Key Definition: Fundamentalism is a form of religion that asserts the infallibility and literal truth of sacred texts, demands strict observance of traditional practice, and resists modernisation, secularisation, and liberal theology, seeking to restore what it regards as the original, pure form of the faith.
This lesson addresses the AQA A-Level Sociology (7192) specification, examined in Paper 2 (7192/2): Topics in Sociology, Section B — Beliefs in Society. Within that topic it covers:
Across very different religions, sociologists identify a recurring family of features.
Fundamentalists insist on the literal, inerrant truth of their sacred text, treated as the direct, unmediated word of God rather than a historical document open to metaphorical or contextual interpretation. For Christian fundamentalists this entails accepting the Genesis creation account as literal and rejecting evolution; for Islamic fundamentalists the Quran is a complete and perfect guide to law and life. Aldridge notes that fundamentalism is itself, paradoxically, a response to the modern idea that texts can be critically interpreted — it is anti-interpretation.
Fundamentalists repudiate the accommodations mainstream religion has made with modernity, viewing liberal theology as a betrayal that dilutes divine truth for a secular age. They oppose higher biblical criticism, liberal social values (feminism, LGBTQ+ rights, sexual permissiveness, secularism), religious pluralism (the idea that other faiths hold truth), and the privatisation of religion — seeking instead to return religion to the centre of public, legal, and political life.
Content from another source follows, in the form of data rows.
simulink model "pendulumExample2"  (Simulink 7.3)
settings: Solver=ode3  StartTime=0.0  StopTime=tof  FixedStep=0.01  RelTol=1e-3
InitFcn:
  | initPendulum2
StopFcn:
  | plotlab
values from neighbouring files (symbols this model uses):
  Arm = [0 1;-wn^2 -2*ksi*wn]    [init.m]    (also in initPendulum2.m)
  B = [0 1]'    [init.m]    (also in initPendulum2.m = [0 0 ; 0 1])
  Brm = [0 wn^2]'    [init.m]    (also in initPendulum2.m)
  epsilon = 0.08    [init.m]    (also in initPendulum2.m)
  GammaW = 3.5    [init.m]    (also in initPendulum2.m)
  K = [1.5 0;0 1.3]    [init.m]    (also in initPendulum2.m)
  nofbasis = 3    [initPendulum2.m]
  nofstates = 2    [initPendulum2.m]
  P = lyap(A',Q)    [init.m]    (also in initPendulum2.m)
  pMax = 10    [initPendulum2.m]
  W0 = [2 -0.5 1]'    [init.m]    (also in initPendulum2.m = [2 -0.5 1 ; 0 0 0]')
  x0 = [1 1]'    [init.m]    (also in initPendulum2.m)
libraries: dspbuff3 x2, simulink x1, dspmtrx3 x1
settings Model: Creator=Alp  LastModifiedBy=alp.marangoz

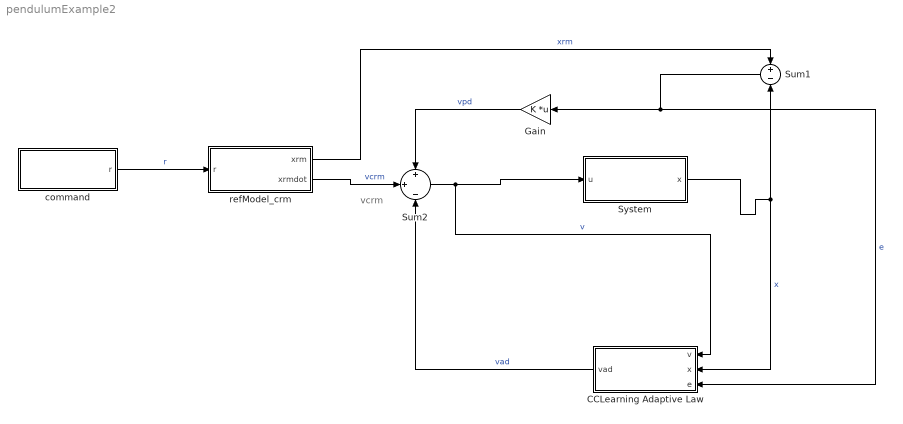
== system pendulumExample2 ==
  note: vcrm
  CCLearning Adaptive Law : Subsystem  TreatAsAtomicUnit=on
  Gain : Gain  Gain=K  Multiplication=Matrix(K*u)  ParameterDataType=fixdt(1, 16)  ParameterScaling=2^0  OutDataType=fixdt(1, 16)  OutScaling=2^0
  Sum1 : Sum  Inputs=+|-  OutDataType=fixdt(1, 16)  OutScaling=2^0
  Sum2 : Sum  Inputs=+|+|-  OutDataType=fixdt(1, 16)  OutScaling=2^0
  System : Subsystem  TreatAsAtomicUnit=on
  command : Subsystem
  refModel_crm : Subsystem  TreatAsAtomicUnit=on
  wires:
  command/1(r) -> refModel_crm/1(r)  "r"
  refModel_crm/1(xrm) -> Sum1/1  "xrm"
  Sum1/1 -> Gain/1, CCLearning Adaptive Law/3(e)  "e"
  Gain/1 -> Sum2/1  "vpd"
  refModel_crm/2(xrmdot) -> Sum2/2  "vcrm"
  Sum2/1 -> System/1(u), CCLearning Adaptive Law/1(v)  "v"
  CCLearning Adaptive Law/1(vad) -> Sum2/3  "vad"
  System/1(x) -> Sum1/2, CCLearning Adaptive Law/2(x)  "x"

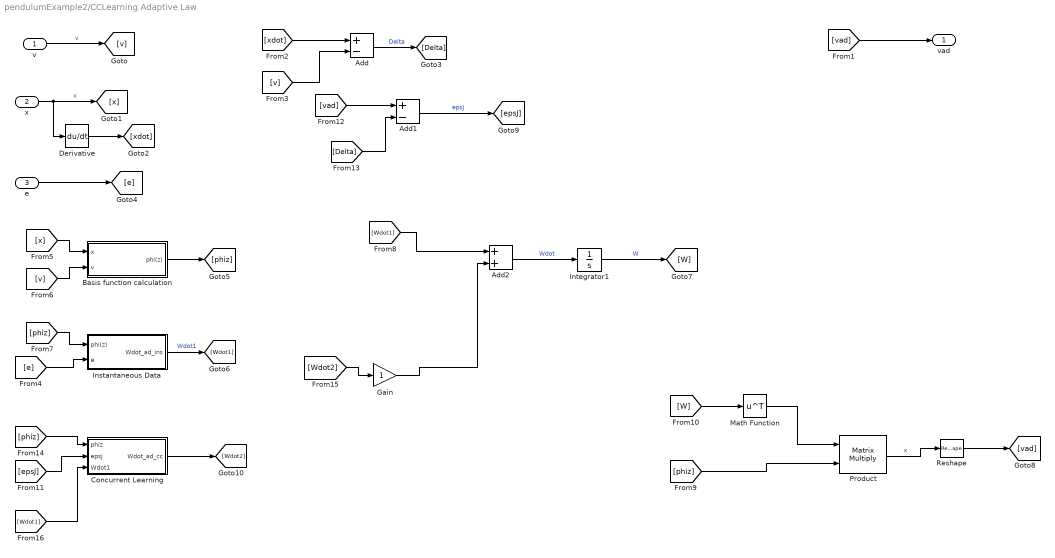
== system pendulumExample2/CCLearning Adaptive Law ==
  v : Inport  OutDataType=fixdt(1, 16)  OutScaling=2^0
  x : Inport  Port=2  OutDataType=fixdt(1, 16)  OutScaling=2^0
  e : Inport  Port=3  OutDataType=fixdt(1, 16)  OutScaling=2^0
  Add : Sum  Inputs=+-  OutDataType=fixdt(1, 16)  OutScaling=2^-10
  Add1 : Sum  Inputs=+-  OutDataType=fixdt(1, 16)  OutScaling=2^-10
  Add2 : Sum  OutDataType=fixdt(1, 16)  OutScaling=2^-10
  Basis function calculation : Subsystem  TreatAsAtomicUnit=on
  Concurrent Learning : Subsystem  TreatAsAtomicUnit=on
  Derivative : Derivative
  Gain : Gain  ParameterDataType=fixdt(1, 16)  ParameterScaling=2^0  OutDataType=fixdt(1, 16)  OutScaling=2^0
  Instantaneous Data : Subsystem  TreatAsAtomicUnit=on
  Integrator1 : Integrator  InitialCondition=W0
  Math Function : Math  Operator=transpose  OutDataType=fixdt(1, 16)  OutScaling=2^0  SaturateOnIntegerOverflow=on
  Product : Product  Multiplication=Matrix(*)  OutDataType=fixdt(1, 16)  OutScaling=2^0  RndMeth=Zero
  Reshape : Reshape  OutputDimensionality=Column vector (2-D)
  vad : Outport  OutDataType=fixdt(1, 16)  OutScaling=2^0
  wires:
  v/1 -> [v]  "v"
  [vad] -> vad/1
  x/1 -> [x], Derivative/1  "x"
  Derivative/1 -> [xdot]
  [xdot] -> Add/1
  [v] -> Add/2
  Add/1 -> [Delta]  "Delta"
  e/1 -> [e]
  [e] -> Instantaneous Data/2(e)
  [x] -> Basis function calculation/1(x)
  [v] -> Basis function calculation/2(v)
  Basis function calculation/1(phi(z)) -> [phiz]
  [phiz] -> Instantaneous Data/1(phi(z))
  Instantaneous Data/1(Wdot_ad_ins) -> [Wdot1]  "Wdot1"
  Integrator1/1 -> [W]  "W"
  [W] -> Math Function/1
  Math Function/1 -> Product/1
  [phiz] -> Product/2
  Product/1 -> Reshape/1  "x"
  Reshape/1 -> [vad]
  [vad] -> Add1/1
  [Delta] -> Add1/2
  Add1/1 -> [epsJ]  "epsJ"
  [phiz] -> Concurrent Learning/1(phiz)
  Concurrent Learning/1(Wdot_ad_cc) -> [Wdot2]
  [epsJ] -> Concurrent Learning/2(epsj)
  [Wdot1] -> Add2/1
  Add2/1 -> Integrator1/1  "Wdot"
  [Wdot2] -> Gain/1
  [Wdot1] -> Concurrent Learning/3(Wdot1)
  Gain/1 -> Add2/2

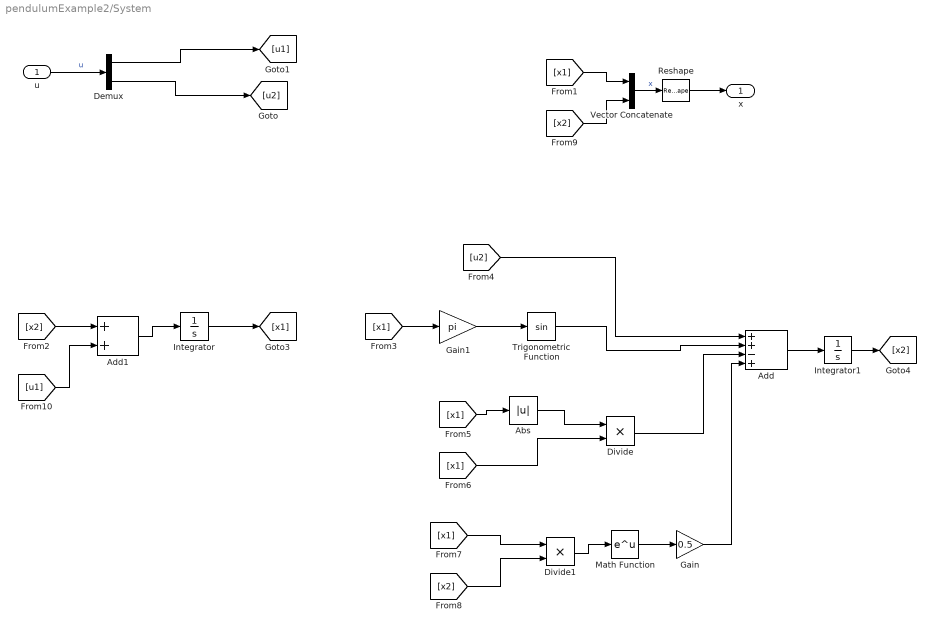
== system pendulumExample2/System ==
  u : Inport  OutDataType=fixdt(1, 16)  OutScaling=2^0
  Abs : Abs  OutDataType=fixdt(1, 16)  OutScaling=2^0
  Add : Sum  Inputs=++-+  OutDataType=fixdt(1, 16)  OutScaling=2^-10
  Add1 : Sum  OutDataType=fixdt(1, 16)  OutScaling=2^-10
  Demux : Demux  Outputs=2
  Divide : Product  Inputs=**  OutDataType=fixdt(1, 16)  OutScaling=2^-10
  Divide1 : Product  Inputs=**  OutDataType=fixdt(1, 16)  OutScaling=2^-10
  Gain : Gain  Gain=0.5  ParameterDataType=fixdt(1, 16)  ParameterScaling=2^0  OutDataType=fixdt(1, 16)  OutScaling=2^0
  Gain1 : Gain  Gain=pi  ParameterDataType=fixdt(1, 16)  ParameterScaling=2^0  OutDataType=fixdt(1, 16)  OutScaling=2^0
  Integrator : Integrator  InitialCondition=x0(1,1)
  Integrator1 : Integrator  InitialCondition=x0(2,1)
  Math Function : Math  OutDataType=fixdt(1, 16)  OutScaling=2^0  SaturateOnIntegerOverflow=on
  Reshape : Reshape  OutputDimensionality=Column vector (2-D)
  Trigonometric Function : Trigonometry
  Vector Concatenate : Concatenate  Mode=Vector
  x : Outport  OutDataType=fixdt(1, 16)  OutScaling=2^0
  wires:
  Integrator/1 -> [x1]
  [x1] -> Gain1/1
  [x1] -> Abs/1
  Abs/1 -> Divide/1
  [x1] -> Divide/2
  [x1] -> Divide1/1
  [x2] -> Divide1/2
  Divide1/1 -> Math Function/1
  Math Function/1 -> Gain/1
  [u2] -> Add/1
  Trigonometric Function/1 -> Add/2
  Divide/1 -> Add/3
  Gain/1 -> Add/4
  Add/1 -> Integrator1/1
  Integrator1/1 -> [x2]
  [x1] -> Vector Concatenate/1
  [x2] -> Vector Concatenate/2
  Vector Concatenate/1 -> Reshape/1  "x"
  Reshape/1 -> x/1
  u/1 -> Demux/1  "u"
  Demux/1 -> [u1]
  Demux/2 -> [u2]
  Gain1/1 -> Trigonometric Function/1
  [x2] -> Add1/1
  Add1/1 -> Integrator/1
  [u1] -> Add1/2

== system pendulumExample2/command ==
  Demux : Demux  Outputs=2
  From Workspace : FromWorkspace  VariableName=rData  OutputAfterFinalValue=Setting to zero
  Reshape : Reshape  OutputDimensionality=Column vector (2-D)
  Terminator1 : Terminator
  r : Outport
  wires:
  From Workspace/1 -> Reshape/1  "r"
  Reshape/1 -> Demux/1
  Demux/1 -> Terminator1/1  "r1"
  Demux/2 -> r/1  "r2"

== system pendulumExample2/refModel_crm ==
  r : Inport  OutDataType=fixdt(1, 16)  OutScaling=2^0
  Add1 : Sum  OutDataType=fixdt(1, 16)  OutScaling=2^-10
  Gain1 : Gain  Gain=Arm  Multiplication=Matrix(K*u)  ParameterDataType=fixdt(1, 16)  ParameterScaling=2^0  OutDataType=fixdt(1, 16)  OutScaling=2^0
  Gain2 : Gain  Gain=Brm  Multiplication=Matrix(K*u)  ParameterDataType=fixdt(1, 16)  ParameterScaling=2^0  OutDataType=fixdt(1, 16)  OutScaling=2^0
  Integrator : Integrator  InitialCondition=x0
  Reshape : Reshape  OutputDimensionality=Column vector (2-D)
  xrm : Outport  OutDataType=fixdt(1, 16)  OutScaling=2^0
  xrmdot : Outport  Port=2  OutDataType=fixdt(1, 16)  OutScaling=2^0
  wires:
  [x] -> Gain1/1
  r/1 -> [u]  "r"
  [u] -> Gain2/1
  Gain1/1 -> Add1/1
  Gain2/1 -> Add1/2
  Add1/1 -> Reshape/1  "xrmdot"
  Integrator/1 -> xrm/1, [x]  "xrm"
  Reshape/1 -> Integrator/1, xrmdot/1

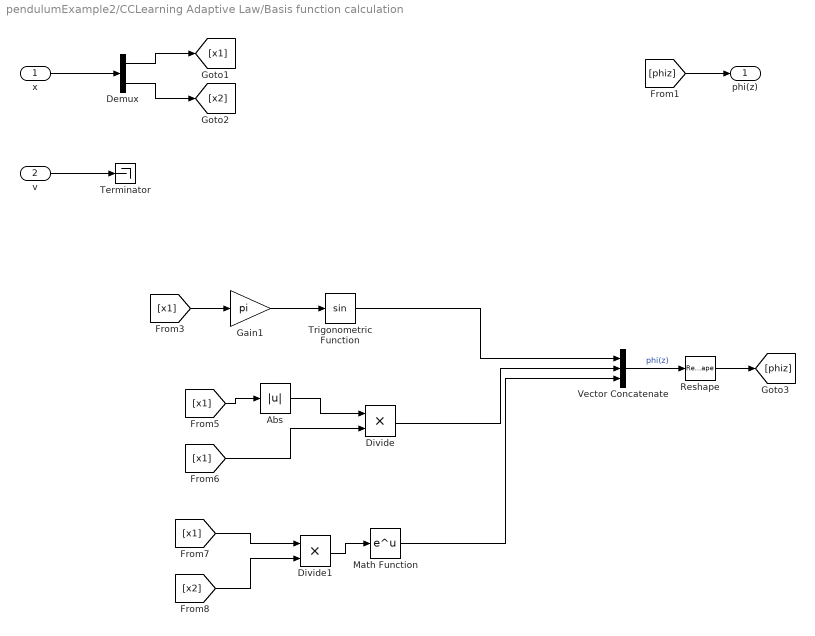
== system pendulumExample2/CCLearning Adaptive Law/Basis function calculation ==
  x : Inport  OutDataType=fixdt(1, 16)  OutScaling=2^0
  v : Inport  Port=2  OutDataType=fixdt(1, 16)  OutScaling=2^0
  Abs : Abs  OutDataType=fixdt(1, 16)  OutScaling=2^0
  Demux : Demux  Outputs=2
  Divide : Product  Inputs=**  OutDataType=fixdt(1, 16)  OutScaling=2^-10
  Divide1 : Product  Inputs=**  OutDataType=fixdt(1, 16)  OutScaling=2^-10
  Gain1 : Gain  Gain=pi  ParameterDataType=fixdt(1, 16)  ParameterScaling=2^0  OutDataType=fixdt(1, 16)  OutScaling=2^0
  Math Function : Math  OutDataType=fixdt(1, 16)  OutScaling=2^0  SaturateOnIntegerOverflow=on
  Reshape : Reshape  OutputDimensionality=Column vector (2-D)
  Terminator : Terminator
  Trigonometric Function : Trigonometry
  Vector Concatenate : Concatenate  NumInputs=3  Mode=Vector
  phi(z) : Outport  OutDataType=fixdt(1, 16)  OutScaling=2^0
  wires:
  x/1 -> Demux/1
  v/1 -> Terminator/1
  [phiz] -> phi(z)/1
  [x1] -> Gain1/1
  [x1] -> Abs/1
  Abs/1 -> Divide/1
  [x1] -> Divide/2
  [x1] -> Divide1/1
  [x2] -> Divide1/2
  Divide1/1 -> Math Function/1
  Gain1/1 -> Trigonometric Function/1
  Demux/1 -> [x1]
  Demux/2 -> [x2]
  Vector Concatenate/1 -> Reshape/1  "phi(z)"
  Reshape/1 -> [phiz]
  Trigonometric Function/1 -> Vector Concatenate/1
  Divide/1 -> Vector Concatenate/2
  Math Function/1 -> Vector Concatenate/3

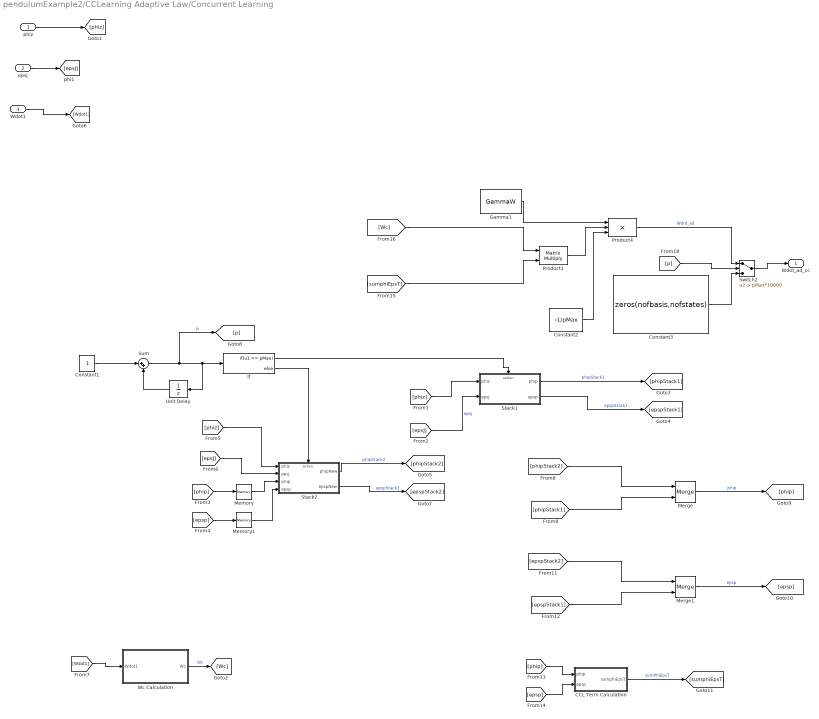
== system pendulumExample2/CCLearning Adaptive Law/Concurrent Learning ==
  phiz : Inport  OutDataType=fixdt(1, 16)  OutScaling=2^0
  epsj : Inport  Port=2  OutDataType=fixdt(1, 16)  OutScaling=2^0
  Wdot1 : Inport  Port=3
  CCL Term Calculation : Subsystem  TreatAsAtomicUnit=on
  Constant1 : Constant  OutDataType=fixdt(1, 16)  OutScaling=2^0  SampleTime=-1
  Constant2 : Constant  Value=-1/pMax  OutDataType=fixdt(1, 16)  OutScaling=2^0
  Constant3 : Constant  Value=zeros(nofbasis,nofstates)  OutDataType=fixdt(1, 16)  OutScaling=2^0  SampleTime=-1
  Gamma1 : Constant  Value=GammaW  VectorParams1D=off  OutDataType=fixdt(1, 16)  OutScaling=2^0
  If : If  IfExpression=u1 <= pMax
  Memory : Memory  X0=zeros(nofbasis,pMax)  InheritSampleTime=on  LinearizeMemory=on  LinearizeAsDelay=on
  Memory1 : Memory  X0=zeros(nofstates,pMax)  InheritSampleTime=on  LinearizeMemory=on  LinearizeAsDelay=on
  Merge : Merge
  Merge1 : Merge
  Product1 : Product  Multiplication=Matrix(*)  OutDataType=fixdt(1, 16)  OutScaling=2^0  RndMeth=Zero
  Product4 : Product  Inputs=3  OutDataType=fixdt(1, 16)  OutScaling=2^0  RndMeth=Zero
  Stack1 : Subsystem  TreatAsAtomicUnit=on
  Stack2 : Subsystem  TreatAsAtomicUnit=on
  Sum : Sum  Inputs=|++  OutDataType=fixdt(1, 16)  OutScaling=2^0
  Switch2 : Switch  Criteria=u2 > Threshold  Threshold=pMax*10000  OutDataType=fixdt(1, 16)  OutScaling=2^0
  Unit Delay : UnitDelay  SampleTime=-1
  Wc Calculation : Subsystem
  Wdot_ad_cc : Outport  OutDataType=fixdt(1, 16)  OutScaling=2^0
  wires:
  phiz/1 -> [phiz]
  epsj/1 -> [epsJ]
  Wdot1/1 -> [Wdot1]
  Gamma1/1 -> Product4/1
  Constant1/1 -> Sum/1
  Sum/1 -> Unit Delay/1, If/1, [p]  "p"
  Unit Delay/1 -> Sum/2
  If/1 -> Stack1/Action
  [epsJ] -> Stack1/2(epsj)  "epsj"
  Stack1/1(phip) -> [phipStack1]  "phipStack1"
  Stack1/2(epsp) -> [epspStack1]  "epspStack1"
  [phiz] -> Stack2/1(phiz)
  [epsJ] -> Stack2/2(epsj)
  If/2 -> Stack2/Action
  [phip] -> Memory/1
  Memory/1 -> Stack2/3(phip)
  [epsp] -> Memory1/1
  Memory1/1 -> Stack2/4(epsp)
  Stack2/1(phipNew) -> [phipStack2]  "phipStack2"
  Stack2/2(epspNew) -> [epspStack2]  "epspStack2"
  [phiz] -> Stack1/1(phiz)
  Merge/1 -> [phip]  "phip"
  Merge1/1 -> [epsp]  "epsp"
  [phip] -> CCL Term Calculation/1(phip)
  [epsp] -> CCL Term Calculation/2(epsp)
  CCL Term Calculation/1(sumphiEpsT) -> [sumphiEpsT]  "sumPhiEpsT"
  Constant2/1 -> Product4/3
  [Wc] -> Product1/1
  [sumphiEpsT] -> Product1/2
  Product1/1 -> Product4/2
  [p] -> Switch2/2
  Constant3/1 -> Switch2/3
  Product4/1 -> Switch2/1  "Wdot_ad"
  Switch2/1 -> Wdot_ad_cc/1
  [phipStack2] -> Merge/1
  [phipStack1] -> Merge/2
  [epspStack2] -> Merge1/1
  [epspStack1] -> Merge1/2
  [Wdot1] -> Wc Calculation/1(Wdot1)
  Wc Calculation/1(Wc) -> [Wc]  "Wc"

== system pendulumExample2/CCLearning Adaptive Law/Instantaneous Data ==
  phi(z) : Inport  OutDataType=fixdt(1, 16)  OutScaling=2^0
  e : Inport  Port=2  OutDataType=fixdt(1, 16)  OutScaling=2^0
  Gain : Gain  Gain=-1  ParameterDataType=fixdt(1, 16)  ParameterScaling=2^0  OutDataType=fixdt(1, 16)  OutScaling=2^0
  Gamma : Constant  Value=GammaW  VectorParams1D=off  OutDataType=fixdt(1, 16)  OutScaling=2^0
  P : Constant  Value=P  VectorParams1D=off  OutDataType=fixdt(1, 16)  OutScaling=2^0
  Product1 : Product  Multiplication=Matrix(*)  OutDataType=fixdt(1, 16)  OutScaling=2^0  RndMeth=Zero
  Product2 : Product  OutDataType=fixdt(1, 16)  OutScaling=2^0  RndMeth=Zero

Fundamentalists draw a sharp line between the righteous (themselves) and the unrighteous (everyone else), producing a dualistic worldview of good versus evil with no middle ground. This can generate hostility toward outsiders — including co-religionists judged insufficiently committed — and tends toward authoritarian structures under charismatic, unquestioned leaders.
Almost universally, fundamentalist movements reassert traditional patriarchal gender roles: women as wives and mothers, subordinate to male authority and required to dress modestly, with feminism cast as an assault on a divinely ordained order. This holds across Christian fundamentalism (opposition to women's ordination, "male headship"), Islamic fundamentalism (dress codes, restriction of women's public role), and ultra-Orthodox Judaism (gender segregation). The control of women's bodies is a near-defining feature, making gender a crucial synoptic link.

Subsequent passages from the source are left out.